§ **Task directions**
Every line with the string "VariableStepAuto" should be copied from the data.

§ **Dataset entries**
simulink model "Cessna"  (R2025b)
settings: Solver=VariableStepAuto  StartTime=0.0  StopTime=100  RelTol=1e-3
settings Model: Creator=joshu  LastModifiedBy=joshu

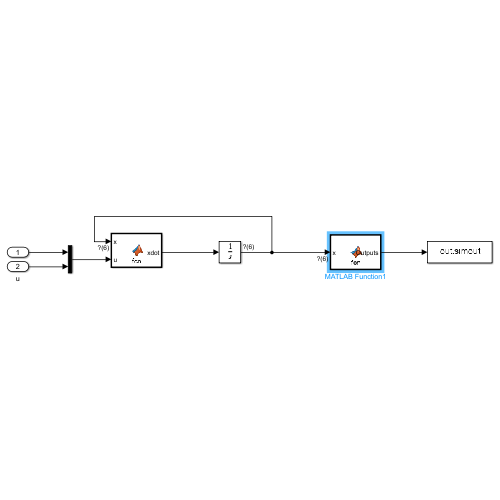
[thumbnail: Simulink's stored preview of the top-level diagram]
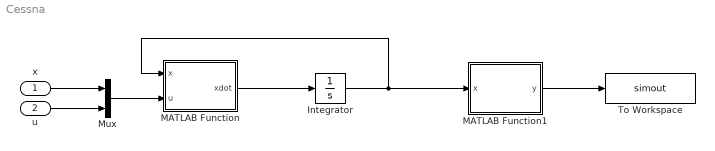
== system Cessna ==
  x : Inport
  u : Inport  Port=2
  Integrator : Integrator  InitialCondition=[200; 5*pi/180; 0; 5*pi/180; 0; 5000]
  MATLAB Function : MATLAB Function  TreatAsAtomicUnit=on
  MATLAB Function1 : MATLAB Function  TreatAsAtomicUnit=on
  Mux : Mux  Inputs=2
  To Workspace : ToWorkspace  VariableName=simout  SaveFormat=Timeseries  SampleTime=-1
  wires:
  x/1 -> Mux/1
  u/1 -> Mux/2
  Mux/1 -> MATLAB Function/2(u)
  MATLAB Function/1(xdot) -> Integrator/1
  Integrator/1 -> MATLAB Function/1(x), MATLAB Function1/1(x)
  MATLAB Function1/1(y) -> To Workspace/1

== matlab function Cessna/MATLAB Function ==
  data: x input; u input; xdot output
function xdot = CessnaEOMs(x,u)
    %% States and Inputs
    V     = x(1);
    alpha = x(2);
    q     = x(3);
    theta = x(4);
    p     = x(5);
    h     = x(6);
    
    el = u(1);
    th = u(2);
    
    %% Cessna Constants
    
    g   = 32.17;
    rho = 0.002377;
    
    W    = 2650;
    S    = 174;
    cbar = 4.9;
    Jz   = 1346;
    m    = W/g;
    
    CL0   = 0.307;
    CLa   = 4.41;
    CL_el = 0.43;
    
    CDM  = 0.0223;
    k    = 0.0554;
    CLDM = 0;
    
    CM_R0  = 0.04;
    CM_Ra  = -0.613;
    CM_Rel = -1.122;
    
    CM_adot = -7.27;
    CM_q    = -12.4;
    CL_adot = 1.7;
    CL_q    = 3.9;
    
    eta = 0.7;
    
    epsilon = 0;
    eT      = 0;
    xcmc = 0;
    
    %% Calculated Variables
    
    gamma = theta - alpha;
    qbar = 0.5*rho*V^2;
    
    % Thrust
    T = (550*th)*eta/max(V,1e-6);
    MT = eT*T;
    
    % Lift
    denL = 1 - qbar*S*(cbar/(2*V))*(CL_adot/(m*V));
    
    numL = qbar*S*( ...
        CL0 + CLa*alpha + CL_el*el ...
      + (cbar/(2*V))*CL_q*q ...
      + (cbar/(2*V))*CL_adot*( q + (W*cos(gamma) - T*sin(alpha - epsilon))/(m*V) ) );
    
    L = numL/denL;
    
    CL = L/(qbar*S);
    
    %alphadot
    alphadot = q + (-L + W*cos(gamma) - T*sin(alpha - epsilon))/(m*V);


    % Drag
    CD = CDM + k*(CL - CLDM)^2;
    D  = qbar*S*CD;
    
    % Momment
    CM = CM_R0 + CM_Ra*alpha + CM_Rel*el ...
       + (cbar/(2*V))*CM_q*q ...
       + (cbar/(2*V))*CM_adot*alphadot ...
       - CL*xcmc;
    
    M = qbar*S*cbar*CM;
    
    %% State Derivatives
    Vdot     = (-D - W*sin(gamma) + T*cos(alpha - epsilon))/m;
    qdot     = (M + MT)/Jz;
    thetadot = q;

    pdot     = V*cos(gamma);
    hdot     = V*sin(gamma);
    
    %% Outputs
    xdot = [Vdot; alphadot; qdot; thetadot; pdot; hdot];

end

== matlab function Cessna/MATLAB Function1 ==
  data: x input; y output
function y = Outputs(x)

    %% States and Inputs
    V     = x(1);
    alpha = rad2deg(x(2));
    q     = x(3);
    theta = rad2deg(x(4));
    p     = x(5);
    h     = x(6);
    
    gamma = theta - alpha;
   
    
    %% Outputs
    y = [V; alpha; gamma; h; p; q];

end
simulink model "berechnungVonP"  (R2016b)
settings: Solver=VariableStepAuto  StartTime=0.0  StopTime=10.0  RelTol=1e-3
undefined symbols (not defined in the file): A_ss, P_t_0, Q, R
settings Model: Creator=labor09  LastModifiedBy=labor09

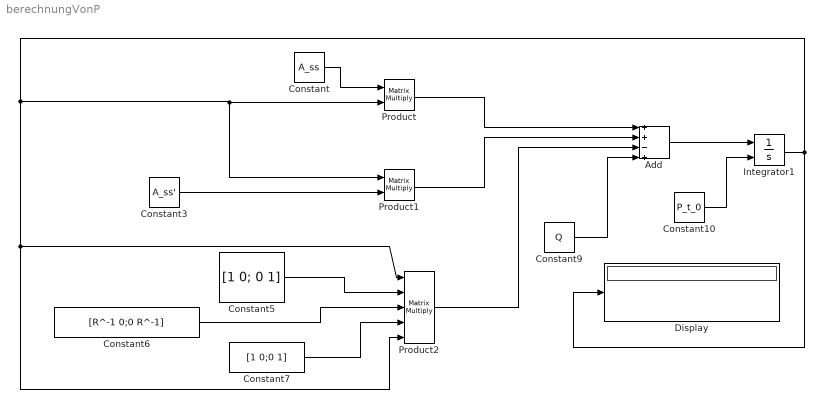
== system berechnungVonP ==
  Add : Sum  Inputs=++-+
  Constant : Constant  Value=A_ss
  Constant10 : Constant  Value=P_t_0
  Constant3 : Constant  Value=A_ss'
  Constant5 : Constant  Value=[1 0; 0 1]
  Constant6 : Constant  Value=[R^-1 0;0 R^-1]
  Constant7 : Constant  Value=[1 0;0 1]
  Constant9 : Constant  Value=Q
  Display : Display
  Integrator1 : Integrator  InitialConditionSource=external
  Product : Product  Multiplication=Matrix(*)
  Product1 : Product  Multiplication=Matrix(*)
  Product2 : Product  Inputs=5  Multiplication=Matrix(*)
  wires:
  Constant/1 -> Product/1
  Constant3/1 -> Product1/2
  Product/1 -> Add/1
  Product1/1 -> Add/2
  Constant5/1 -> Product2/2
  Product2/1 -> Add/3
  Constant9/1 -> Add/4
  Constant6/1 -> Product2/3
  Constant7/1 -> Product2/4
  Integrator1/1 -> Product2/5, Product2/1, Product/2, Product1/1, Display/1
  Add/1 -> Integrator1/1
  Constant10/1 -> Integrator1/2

§ **Solution**
settings: Solver=VariableStepAuto  StartTime=0.0  StopTime=100  RelTol=1e-3
settings: Solver=VariableStepAuto  StartTime=0.0  StopTime=10.0  RelTol=1e-3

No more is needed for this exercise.